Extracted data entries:
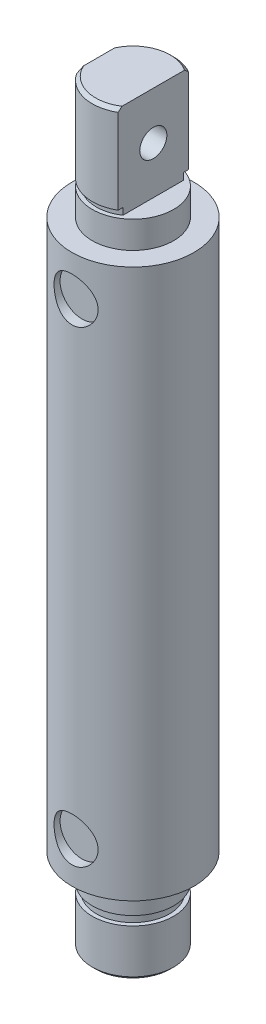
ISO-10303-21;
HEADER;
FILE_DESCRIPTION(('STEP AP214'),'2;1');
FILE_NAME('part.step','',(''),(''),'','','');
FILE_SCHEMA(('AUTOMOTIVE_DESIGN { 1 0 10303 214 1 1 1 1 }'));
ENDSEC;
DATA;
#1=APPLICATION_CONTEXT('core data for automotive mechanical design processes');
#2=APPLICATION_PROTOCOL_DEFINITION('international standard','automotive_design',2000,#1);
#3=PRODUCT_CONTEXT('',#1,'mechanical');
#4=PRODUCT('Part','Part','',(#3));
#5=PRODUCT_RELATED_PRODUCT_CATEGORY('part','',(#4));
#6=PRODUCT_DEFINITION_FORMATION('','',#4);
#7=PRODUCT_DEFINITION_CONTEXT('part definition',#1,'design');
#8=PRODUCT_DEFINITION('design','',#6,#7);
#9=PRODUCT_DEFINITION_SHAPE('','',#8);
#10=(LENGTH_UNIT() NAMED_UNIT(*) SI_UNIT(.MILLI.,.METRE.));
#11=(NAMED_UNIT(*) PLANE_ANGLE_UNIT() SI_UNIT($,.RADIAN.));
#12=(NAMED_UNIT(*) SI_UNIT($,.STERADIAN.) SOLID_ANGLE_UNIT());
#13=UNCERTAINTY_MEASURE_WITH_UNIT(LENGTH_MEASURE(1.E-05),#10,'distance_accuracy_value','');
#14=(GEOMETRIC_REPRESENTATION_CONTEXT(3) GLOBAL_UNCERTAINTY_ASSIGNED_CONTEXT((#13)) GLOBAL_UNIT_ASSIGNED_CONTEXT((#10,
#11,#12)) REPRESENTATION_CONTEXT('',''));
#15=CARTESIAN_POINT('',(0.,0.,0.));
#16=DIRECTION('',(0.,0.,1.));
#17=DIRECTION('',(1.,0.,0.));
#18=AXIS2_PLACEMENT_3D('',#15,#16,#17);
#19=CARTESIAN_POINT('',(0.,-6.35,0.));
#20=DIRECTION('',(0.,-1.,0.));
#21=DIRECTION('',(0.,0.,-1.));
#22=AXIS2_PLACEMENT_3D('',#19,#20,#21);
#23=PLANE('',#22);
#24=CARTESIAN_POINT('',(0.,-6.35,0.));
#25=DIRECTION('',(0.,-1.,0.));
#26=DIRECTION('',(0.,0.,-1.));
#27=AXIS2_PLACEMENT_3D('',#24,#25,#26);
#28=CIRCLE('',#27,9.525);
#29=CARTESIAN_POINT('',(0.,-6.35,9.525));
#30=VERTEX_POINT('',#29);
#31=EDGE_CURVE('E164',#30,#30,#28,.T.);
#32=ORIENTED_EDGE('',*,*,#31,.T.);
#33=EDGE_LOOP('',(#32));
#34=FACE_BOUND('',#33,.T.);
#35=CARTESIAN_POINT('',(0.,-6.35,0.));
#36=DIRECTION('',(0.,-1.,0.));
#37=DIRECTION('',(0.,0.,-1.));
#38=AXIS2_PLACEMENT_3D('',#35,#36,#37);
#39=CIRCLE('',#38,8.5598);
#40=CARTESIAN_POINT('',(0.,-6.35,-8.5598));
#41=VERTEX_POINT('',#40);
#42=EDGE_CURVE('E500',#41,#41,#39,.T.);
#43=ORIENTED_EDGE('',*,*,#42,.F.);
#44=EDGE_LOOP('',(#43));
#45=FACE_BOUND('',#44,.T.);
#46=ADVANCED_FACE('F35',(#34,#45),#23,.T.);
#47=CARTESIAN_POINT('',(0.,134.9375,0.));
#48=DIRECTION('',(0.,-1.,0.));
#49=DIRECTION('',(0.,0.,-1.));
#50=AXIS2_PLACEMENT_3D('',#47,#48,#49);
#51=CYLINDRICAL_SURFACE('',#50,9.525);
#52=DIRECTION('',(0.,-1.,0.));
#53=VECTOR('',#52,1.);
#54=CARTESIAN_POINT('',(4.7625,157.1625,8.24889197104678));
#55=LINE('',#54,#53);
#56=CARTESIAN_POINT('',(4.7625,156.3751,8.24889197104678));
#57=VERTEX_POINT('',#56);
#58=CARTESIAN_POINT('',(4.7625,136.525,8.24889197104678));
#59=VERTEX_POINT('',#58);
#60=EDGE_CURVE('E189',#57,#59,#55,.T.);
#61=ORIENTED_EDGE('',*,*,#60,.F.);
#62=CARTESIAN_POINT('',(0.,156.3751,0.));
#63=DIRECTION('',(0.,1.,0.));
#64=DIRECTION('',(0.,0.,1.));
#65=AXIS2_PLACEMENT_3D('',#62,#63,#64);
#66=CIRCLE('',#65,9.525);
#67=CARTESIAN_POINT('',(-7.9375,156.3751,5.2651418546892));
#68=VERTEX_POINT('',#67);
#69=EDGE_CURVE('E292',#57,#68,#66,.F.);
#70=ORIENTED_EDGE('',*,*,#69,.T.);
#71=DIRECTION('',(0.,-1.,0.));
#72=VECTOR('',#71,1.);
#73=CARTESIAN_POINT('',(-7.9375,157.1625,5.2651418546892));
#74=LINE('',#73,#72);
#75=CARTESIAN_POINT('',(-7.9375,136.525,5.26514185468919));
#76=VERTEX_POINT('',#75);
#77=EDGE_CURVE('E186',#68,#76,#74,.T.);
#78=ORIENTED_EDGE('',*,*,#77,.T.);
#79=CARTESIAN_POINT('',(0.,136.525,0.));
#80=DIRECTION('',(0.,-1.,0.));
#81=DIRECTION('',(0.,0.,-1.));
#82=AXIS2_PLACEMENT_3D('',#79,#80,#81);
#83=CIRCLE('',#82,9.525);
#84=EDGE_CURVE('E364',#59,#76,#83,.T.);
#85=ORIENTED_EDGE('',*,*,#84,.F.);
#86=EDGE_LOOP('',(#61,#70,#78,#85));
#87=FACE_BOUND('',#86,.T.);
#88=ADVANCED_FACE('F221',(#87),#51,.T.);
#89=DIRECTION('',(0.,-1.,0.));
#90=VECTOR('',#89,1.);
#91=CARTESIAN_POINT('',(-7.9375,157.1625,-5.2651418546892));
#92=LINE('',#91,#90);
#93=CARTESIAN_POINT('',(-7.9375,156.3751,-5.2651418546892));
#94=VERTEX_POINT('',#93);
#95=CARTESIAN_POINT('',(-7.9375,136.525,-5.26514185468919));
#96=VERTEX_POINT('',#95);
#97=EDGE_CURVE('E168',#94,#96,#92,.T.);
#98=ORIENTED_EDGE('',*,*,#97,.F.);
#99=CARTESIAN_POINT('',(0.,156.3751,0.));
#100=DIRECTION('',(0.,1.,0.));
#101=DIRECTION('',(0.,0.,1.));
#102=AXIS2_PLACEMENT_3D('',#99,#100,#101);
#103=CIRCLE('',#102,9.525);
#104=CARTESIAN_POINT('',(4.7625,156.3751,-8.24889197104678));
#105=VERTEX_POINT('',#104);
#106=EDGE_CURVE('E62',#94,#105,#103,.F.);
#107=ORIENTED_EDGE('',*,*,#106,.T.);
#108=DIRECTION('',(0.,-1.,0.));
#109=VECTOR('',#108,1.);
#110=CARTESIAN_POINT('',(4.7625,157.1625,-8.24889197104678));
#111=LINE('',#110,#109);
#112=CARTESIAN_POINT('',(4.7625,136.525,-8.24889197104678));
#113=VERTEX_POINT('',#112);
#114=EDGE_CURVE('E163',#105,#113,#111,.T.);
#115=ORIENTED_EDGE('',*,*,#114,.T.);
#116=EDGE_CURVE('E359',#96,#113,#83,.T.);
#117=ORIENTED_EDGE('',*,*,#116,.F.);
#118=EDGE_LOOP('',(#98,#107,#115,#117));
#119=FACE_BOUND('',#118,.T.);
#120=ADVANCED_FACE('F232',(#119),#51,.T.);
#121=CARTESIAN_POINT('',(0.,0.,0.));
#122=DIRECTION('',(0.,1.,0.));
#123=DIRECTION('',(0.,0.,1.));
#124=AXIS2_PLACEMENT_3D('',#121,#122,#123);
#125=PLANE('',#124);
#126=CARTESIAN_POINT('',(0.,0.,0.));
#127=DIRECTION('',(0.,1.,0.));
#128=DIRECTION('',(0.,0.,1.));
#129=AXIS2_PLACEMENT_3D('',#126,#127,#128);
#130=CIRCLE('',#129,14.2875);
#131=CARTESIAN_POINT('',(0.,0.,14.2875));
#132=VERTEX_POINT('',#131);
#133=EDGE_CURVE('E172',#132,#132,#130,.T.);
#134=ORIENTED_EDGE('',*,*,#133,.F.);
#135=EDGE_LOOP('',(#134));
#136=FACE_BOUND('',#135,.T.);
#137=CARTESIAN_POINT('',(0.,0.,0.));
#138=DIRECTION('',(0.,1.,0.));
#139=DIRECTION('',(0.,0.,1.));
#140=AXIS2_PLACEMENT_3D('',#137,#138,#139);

[Task goal] Beginning at the line with "#47=CARTESIAN_POINT('',(0.,134.9375,0.));" and stopping after the line with "#57=VERTEX_POINT('',#56);", please write out every line of the data above exactly and nothing else.

[Reply]
#47=CARTESIAN_POINT('',(0.,134.9375,0.));
#48=DIRECTION('',(0.,-1.,0.));
#49=DIRECTION('',(0.,0.,-1.));
#50=AXIS2_PLACEMENT_3D('',#47,#48,#49);
#51=CYLINDRICAL_SURFACE('',#50,9.525);
#52=DIRECTION('',(0.,-1.,0.));
#53=VECTOR('',#52,1.);
#54=CARTESIAN_POINT('',(4.7625,157.1625,8.24889197104678));
#55=LINE('',#54,#53);
#56=CARTESIAN_POINT('',(4.7625,156.3751,8.24889197104678));
#57=VERTEX_POINT('',#56);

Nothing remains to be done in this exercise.